Fan-In - panic
https://codahale.com/fan-in/
======
wwalser
Not a response to the actual ideas presented, but I felt this to be one of the
most well constructed 'discussion of non-technical problem directed at
technical people' pieces that I've read in a long while. I loved how well the
intro of a technical interview question lead into a discussion of a very human
problem. I didn't know much of Coda before now but I suppose he can count me
among the people glad to see him writing again.

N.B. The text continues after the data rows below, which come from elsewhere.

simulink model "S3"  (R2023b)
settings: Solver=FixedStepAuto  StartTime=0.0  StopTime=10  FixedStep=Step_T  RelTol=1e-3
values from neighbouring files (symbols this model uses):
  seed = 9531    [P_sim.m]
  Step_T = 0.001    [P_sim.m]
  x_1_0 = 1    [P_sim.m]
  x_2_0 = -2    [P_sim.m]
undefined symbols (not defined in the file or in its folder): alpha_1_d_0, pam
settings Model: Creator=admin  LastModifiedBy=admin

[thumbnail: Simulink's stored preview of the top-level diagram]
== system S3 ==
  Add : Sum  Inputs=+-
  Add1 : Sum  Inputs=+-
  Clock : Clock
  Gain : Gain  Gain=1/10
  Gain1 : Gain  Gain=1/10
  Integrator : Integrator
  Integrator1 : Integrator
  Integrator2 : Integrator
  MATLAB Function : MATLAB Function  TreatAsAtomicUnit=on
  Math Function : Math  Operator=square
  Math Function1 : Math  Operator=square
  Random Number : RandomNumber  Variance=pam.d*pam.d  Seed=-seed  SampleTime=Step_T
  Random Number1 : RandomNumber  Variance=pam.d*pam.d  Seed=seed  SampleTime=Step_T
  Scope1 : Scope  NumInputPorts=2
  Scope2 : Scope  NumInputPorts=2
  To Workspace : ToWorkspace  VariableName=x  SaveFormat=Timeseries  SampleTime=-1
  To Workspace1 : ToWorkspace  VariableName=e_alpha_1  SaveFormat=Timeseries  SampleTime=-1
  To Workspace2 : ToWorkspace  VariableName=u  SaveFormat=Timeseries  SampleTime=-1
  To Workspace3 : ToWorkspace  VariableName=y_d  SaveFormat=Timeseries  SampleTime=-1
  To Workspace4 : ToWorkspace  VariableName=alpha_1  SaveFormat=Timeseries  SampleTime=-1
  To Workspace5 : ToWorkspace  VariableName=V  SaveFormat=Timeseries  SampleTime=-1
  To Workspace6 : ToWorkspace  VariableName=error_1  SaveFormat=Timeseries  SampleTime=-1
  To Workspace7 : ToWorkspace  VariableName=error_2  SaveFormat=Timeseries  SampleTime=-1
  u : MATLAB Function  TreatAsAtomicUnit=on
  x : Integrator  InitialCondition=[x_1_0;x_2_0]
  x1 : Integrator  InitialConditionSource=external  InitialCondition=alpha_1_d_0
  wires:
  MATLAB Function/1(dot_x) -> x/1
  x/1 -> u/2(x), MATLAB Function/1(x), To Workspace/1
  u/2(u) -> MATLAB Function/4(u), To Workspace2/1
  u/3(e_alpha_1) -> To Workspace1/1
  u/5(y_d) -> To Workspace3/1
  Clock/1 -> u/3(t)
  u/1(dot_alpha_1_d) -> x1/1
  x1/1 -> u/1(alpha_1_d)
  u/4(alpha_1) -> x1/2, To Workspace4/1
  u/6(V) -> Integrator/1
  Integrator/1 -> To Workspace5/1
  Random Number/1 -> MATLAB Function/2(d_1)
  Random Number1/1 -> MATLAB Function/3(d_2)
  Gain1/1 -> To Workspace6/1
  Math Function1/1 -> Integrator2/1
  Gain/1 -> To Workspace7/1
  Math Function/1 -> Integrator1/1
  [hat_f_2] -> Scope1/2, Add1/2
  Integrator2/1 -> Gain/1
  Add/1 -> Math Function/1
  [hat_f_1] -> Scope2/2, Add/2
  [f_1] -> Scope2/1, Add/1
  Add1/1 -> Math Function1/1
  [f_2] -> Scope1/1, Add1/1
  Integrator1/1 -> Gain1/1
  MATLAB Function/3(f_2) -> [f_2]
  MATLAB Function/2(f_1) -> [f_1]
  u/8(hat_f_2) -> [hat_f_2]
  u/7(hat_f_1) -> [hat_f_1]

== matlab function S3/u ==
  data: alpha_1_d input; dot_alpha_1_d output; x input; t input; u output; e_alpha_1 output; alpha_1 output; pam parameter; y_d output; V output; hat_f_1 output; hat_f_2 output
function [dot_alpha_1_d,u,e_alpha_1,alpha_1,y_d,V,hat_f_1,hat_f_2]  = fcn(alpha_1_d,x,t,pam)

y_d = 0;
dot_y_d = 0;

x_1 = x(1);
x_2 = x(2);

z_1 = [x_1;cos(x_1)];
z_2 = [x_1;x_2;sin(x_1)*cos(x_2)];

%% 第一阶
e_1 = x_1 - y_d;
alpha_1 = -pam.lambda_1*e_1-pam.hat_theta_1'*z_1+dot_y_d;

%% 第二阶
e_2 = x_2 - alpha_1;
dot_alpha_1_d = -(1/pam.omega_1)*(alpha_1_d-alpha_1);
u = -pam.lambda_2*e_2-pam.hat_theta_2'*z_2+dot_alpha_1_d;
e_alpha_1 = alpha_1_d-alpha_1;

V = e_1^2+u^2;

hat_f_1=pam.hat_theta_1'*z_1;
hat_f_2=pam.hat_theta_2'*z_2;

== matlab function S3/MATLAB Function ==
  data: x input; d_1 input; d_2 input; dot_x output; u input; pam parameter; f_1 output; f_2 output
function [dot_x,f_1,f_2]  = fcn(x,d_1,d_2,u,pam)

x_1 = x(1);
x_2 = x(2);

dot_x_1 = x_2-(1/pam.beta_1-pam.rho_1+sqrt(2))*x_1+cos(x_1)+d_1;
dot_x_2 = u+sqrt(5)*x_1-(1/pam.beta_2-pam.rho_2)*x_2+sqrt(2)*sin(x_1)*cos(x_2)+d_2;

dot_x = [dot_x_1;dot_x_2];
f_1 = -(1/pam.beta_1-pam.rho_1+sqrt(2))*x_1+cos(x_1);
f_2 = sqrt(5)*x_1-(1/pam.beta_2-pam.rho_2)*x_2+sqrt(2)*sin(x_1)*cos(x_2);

As for the ideas themselves, I find it harder to respond. I've never been on
the receiving end of 'Twitter scale' attention but I've always assumed that it
was basically an emotional net negative for those who are. Even if the vast
majority of said attention were positive, I feel like it would be hard to
ignore the background noise generated by those who have found the most
effective method to get attention is to cause distress for others.

------
atemerev
This is the "15 minutes of fame for everyone" long envisioned. Only now the
tech enabled this very possibility.

While it can be negative experience first few times it happens, the other
dangerous side is that it's instantaneously addictive (we people crave
attention). And addiction is what everyone in sales and marketing wants, as
long as it's still legal. An addict is an ideal consumer.

I terminated my Twitter account about 2 years ago, after I found out that I
spent huge amounts of time and psychical energy there. I generated two random
UUIDs, used the first one to create one of those one-time emails, and the
second to be the new password. I changed my Twitter password and email, and
promptly rebooted my computer without storing these UUIDs anywhere.

It worked. Going cold turkey was incredibly hard. I wrote to Twitter support a
few times so they could restore my account, but they couldn't establish my
identity (just as planned!) Then, after a few months, cravings started to
diminish.

Now, instead of being Twitter addict, I became Facebook and HN addict. Sigh. I
can repeat my trick, but now I lack the willpower to do that. RescueTime tells
me that I spend 3-4 hours every day on Facebook and HN.

Time to generate more UUIDs.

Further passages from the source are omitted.